On the necessity and biological significance of threshold-free regulon prediction outputs.

The in silico prediction of cis-acting elements in a genome is an efficient way to quickly obtain an overview of the biological processes controlled by a trans-acting factor, and connections between regulatory networks. Several regulon prediction web tools are available, designed to identify DNA motifs predicted to be bound by transcription factors using position weight matrix-based algorithms. In this paper we expose and discuss the conflicting objectives of software creators (bioinformaticians) and software users (biologists), who aim for reliable and exhaustive prediction outputs, respectively. Software makers, concerned with providing tools that minimise the number of false positive hits, often impose a stringent threshold score for a sequence to be included in the list of the putative cis-acting sites. This rigidity eventually results in the identification of strongly reliable but largely straightforward sites, i.e. those associated with genes already anticipated to be targeted by the studied transcription factor. Importantly, this biased identification of strongly bound sequences contrasts with the biological reality where, in many circumstances, a weak DNA-protein interaction is required for the appropriate gene's expression.
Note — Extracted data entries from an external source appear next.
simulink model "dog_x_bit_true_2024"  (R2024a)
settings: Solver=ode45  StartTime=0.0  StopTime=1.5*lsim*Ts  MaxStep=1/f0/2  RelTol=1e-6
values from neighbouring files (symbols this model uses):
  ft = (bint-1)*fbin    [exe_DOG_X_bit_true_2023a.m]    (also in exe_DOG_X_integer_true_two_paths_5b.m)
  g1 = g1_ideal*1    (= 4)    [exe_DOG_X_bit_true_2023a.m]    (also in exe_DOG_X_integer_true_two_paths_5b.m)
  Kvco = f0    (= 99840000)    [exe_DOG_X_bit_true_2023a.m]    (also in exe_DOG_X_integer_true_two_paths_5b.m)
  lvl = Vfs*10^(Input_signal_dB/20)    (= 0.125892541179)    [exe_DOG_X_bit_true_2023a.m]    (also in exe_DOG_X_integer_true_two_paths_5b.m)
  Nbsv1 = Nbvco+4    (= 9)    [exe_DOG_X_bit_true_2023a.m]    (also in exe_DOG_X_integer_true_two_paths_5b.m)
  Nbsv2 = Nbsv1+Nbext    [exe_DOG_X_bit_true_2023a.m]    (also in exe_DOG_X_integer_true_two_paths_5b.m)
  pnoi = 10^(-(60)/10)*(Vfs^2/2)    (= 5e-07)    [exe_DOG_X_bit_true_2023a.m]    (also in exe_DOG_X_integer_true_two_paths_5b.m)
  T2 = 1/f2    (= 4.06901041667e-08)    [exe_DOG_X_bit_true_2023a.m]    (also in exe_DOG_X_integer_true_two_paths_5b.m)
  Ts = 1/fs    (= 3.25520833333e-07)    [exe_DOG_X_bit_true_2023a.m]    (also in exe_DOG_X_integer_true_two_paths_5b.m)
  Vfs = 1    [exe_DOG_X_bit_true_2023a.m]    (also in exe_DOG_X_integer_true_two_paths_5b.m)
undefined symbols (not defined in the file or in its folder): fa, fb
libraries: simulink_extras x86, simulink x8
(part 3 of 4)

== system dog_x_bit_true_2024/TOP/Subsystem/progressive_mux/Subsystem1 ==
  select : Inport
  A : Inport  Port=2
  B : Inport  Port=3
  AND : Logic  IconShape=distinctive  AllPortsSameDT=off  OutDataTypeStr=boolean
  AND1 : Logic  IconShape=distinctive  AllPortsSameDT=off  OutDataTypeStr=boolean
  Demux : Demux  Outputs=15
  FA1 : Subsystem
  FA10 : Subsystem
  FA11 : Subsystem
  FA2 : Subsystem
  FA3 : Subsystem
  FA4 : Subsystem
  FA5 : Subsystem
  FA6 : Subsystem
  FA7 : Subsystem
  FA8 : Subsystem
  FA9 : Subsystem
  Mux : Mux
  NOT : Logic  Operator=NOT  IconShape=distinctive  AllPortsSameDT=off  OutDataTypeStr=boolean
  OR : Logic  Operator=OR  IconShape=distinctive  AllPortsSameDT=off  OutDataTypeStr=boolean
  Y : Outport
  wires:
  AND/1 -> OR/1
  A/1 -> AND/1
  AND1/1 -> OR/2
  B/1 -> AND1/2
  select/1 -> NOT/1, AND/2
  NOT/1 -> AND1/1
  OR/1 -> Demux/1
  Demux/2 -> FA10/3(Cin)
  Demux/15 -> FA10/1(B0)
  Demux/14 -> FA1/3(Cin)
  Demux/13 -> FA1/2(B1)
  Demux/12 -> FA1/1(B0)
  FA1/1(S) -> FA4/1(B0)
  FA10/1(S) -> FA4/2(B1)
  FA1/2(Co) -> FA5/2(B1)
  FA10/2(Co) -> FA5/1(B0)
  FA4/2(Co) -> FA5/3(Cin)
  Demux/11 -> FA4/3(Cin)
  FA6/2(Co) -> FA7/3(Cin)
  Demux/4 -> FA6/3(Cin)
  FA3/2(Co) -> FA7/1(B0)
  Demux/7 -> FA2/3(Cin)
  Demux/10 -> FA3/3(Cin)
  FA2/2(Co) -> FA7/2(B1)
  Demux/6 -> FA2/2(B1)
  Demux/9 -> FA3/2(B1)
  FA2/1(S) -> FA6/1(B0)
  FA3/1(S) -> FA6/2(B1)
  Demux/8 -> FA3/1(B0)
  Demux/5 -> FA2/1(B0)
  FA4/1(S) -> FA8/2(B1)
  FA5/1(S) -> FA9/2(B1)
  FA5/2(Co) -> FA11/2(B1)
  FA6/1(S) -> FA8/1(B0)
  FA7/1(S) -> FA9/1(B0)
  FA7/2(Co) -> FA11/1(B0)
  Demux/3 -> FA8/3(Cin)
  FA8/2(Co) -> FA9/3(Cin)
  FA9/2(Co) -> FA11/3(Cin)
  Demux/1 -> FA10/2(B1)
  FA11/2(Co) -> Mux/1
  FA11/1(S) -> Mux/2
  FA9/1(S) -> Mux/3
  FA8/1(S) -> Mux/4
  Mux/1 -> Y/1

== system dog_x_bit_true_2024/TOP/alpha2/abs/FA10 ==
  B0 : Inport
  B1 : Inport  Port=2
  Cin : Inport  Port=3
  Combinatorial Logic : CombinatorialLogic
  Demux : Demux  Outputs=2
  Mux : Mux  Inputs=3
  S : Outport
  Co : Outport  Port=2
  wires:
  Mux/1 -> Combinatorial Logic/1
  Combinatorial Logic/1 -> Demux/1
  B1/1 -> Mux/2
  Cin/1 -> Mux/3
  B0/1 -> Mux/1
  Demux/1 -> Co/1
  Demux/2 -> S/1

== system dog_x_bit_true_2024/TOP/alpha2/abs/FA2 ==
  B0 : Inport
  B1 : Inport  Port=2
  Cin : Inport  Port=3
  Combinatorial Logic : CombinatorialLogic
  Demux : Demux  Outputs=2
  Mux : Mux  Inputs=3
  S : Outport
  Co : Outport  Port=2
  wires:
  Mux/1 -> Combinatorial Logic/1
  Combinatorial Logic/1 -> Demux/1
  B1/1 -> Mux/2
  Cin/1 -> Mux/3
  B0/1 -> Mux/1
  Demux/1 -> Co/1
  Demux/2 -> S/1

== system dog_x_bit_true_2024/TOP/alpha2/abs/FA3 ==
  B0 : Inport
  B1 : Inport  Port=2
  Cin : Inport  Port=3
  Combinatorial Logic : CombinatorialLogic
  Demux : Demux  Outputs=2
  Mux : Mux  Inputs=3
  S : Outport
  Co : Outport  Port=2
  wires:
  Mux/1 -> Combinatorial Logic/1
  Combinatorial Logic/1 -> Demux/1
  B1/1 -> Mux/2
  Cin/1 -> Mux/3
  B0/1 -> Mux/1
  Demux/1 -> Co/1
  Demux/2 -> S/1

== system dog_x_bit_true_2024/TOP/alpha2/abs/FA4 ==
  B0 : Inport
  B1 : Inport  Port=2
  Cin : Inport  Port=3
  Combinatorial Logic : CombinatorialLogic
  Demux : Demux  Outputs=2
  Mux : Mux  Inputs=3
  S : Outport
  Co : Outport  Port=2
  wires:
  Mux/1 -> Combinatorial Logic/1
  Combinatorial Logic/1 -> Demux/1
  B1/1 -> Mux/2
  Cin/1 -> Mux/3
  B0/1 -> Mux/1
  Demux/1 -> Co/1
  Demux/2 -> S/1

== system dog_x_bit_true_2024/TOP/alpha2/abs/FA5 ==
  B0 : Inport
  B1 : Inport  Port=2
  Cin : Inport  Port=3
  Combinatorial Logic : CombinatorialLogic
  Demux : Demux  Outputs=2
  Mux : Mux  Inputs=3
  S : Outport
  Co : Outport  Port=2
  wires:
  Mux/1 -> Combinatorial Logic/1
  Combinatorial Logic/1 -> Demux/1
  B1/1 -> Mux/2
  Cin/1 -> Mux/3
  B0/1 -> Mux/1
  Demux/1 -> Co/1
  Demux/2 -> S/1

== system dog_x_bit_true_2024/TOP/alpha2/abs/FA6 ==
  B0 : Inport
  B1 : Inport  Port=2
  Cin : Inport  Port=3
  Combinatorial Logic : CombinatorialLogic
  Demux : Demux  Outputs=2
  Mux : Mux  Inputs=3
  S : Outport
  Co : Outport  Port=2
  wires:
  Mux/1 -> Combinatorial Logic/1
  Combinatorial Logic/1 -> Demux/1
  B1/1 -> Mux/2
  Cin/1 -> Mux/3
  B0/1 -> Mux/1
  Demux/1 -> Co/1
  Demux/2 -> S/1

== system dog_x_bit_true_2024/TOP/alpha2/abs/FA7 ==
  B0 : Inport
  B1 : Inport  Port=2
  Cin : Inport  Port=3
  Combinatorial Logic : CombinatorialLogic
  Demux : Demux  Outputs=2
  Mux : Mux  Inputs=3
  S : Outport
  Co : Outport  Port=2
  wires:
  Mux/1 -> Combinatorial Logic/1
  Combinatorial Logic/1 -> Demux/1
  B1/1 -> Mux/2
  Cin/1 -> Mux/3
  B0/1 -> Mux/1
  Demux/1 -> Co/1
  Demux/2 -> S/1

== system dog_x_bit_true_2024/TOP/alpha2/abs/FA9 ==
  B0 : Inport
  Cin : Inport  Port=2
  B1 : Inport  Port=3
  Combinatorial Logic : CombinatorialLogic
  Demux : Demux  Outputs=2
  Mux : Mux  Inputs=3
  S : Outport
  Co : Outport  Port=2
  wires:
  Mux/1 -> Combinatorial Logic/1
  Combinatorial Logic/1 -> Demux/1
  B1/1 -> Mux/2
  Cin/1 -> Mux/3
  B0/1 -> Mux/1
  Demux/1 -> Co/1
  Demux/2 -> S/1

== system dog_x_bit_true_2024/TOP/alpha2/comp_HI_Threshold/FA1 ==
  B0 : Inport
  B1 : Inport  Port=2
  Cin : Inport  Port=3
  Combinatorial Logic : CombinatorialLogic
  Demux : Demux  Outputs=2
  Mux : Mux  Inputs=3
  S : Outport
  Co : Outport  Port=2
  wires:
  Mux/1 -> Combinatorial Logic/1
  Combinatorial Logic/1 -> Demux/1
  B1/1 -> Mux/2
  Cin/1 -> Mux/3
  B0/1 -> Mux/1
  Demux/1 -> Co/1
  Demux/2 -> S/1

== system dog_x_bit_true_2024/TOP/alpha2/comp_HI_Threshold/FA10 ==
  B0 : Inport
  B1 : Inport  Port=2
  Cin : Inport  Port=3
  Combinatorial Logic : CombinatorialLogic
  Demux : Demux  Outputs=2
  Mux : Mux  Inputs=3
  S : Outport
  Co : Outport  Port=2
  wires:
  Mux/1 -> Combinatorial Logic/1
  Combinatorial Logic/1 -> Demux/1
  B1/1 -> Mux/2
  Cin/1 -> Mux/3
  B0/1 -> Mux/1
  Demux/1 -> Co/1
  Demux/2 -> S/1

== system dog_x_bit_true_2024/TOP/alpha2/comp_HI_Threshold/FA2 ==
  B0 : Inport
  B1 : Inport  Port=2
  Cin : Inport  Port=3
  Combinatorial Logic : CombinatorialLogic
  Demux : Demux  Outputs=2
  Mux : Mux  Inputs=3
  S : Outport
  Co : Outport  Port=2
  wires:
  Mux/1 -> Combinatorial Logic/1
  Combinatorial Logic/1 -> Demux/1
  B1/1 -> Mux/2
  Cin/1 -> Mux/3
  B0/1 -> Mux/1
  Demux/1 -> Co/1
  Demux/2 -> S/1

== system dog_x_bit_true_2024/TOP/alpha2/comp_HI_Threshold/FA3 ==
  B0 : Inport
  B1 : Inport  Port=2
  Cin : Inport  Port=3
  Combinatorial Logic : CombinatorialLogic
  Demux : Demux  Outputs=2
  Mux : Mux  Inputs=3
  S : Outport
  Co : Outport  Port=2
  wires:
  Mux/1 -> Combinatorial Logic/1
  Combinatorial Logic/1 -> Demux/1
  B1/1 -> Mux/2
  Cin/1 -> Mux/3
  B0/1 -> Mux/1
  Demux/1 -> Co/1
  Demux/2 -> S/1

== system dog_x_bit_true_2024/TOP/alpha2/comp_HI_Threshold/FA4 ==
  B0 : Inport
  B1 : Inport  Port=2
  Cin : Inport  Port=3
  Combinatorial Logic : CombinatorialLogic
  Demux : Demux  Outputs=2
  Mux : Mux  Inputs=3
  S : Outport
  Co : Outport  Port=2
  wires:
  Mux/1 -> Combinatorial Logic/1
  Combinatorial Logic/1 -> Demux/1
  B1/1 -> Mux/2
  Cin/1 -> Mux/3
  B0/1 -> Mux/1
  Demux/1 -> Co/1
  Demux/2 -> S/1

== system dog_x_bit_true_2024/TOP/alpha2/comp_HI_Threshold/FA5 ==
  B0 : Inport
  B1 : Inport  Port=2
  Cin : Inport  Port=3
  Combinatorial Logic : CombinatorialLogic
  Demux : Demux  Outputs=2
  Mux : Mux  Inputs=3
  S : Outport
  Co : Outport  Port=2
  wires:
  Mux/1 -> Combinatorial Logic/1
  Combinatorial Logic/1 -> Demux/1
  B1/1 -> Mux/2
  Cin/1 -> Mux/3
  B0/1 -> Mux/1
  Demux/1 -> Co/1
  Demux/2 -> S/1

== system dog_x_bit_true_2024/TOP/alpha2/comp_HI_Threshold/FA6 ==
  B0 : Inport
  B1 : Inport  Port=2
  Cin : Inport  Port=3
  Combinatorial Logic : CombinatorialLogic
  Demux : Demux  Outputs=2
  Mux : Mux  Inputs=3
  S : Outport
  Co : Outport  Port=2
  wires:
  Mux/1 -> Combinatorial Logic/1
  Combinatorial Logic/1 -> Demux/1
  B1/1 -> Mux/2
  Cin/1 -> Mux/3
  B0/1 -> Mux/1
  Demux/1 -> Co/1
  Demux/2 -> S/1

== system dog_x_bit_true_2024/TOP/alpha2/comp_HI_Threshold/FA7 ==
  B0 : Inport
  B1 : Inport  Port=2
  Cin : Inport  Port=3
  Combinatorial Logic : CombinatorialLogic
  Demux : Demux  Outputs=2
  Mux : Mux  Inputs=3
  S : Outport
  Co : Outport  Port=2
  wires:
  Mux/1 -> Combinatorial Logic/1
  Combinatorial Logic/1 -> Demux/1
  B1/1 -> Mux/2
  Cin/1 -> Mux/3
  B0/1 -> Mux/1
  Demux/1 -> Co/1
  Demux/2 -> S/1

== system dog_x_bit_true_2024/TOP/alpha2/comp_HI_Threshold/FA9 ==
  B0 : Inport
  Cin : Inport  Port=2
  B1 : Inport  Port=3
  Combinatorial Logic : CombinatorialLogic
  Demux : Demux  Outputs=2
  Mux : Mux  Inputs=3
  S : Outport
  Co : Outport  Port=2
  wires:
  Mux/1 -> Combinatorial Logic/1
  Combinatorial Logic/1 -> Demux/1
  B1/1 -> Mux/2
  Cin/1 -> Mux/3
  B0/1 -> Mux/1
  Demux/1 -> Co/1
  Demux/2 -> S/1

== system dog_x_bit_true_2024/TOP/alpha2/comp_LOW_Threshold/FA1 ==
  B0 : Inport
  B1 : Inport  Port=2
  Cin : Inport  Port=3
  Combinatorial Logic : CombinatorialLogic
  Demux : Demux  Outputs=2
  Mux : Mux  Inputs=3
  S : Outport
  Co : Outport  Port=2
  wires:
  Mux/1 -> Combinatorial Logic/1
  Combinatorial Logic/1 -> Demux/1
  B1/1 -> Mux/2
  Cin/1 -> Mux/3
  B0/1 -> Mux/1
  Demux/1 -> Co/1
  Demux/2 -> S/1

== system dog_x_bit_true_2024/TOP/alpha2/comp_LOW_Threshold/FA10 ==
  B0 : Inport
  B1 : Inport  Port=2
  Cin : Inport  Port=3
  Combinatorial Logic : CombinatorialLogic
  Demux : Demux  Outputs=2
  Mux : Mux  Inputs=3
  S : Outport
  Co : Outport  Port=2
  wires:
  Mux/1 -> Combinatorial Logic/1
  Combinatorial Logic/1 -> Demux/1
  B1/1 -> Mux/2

We show here a series of transcriptionally controlled systems involving weakly bound cis-acting elements that could never have been discovered because of the policy of preventing software users from modifying the screening parameters. Proposing only trustworthy prediction outputs thus prevents biologists from fully utilising their knowledge background and deciding to analyse statistically irrelevant hits that could nonetheless be potentially involved in subtle, unexpected, though essential cis-trans relationships.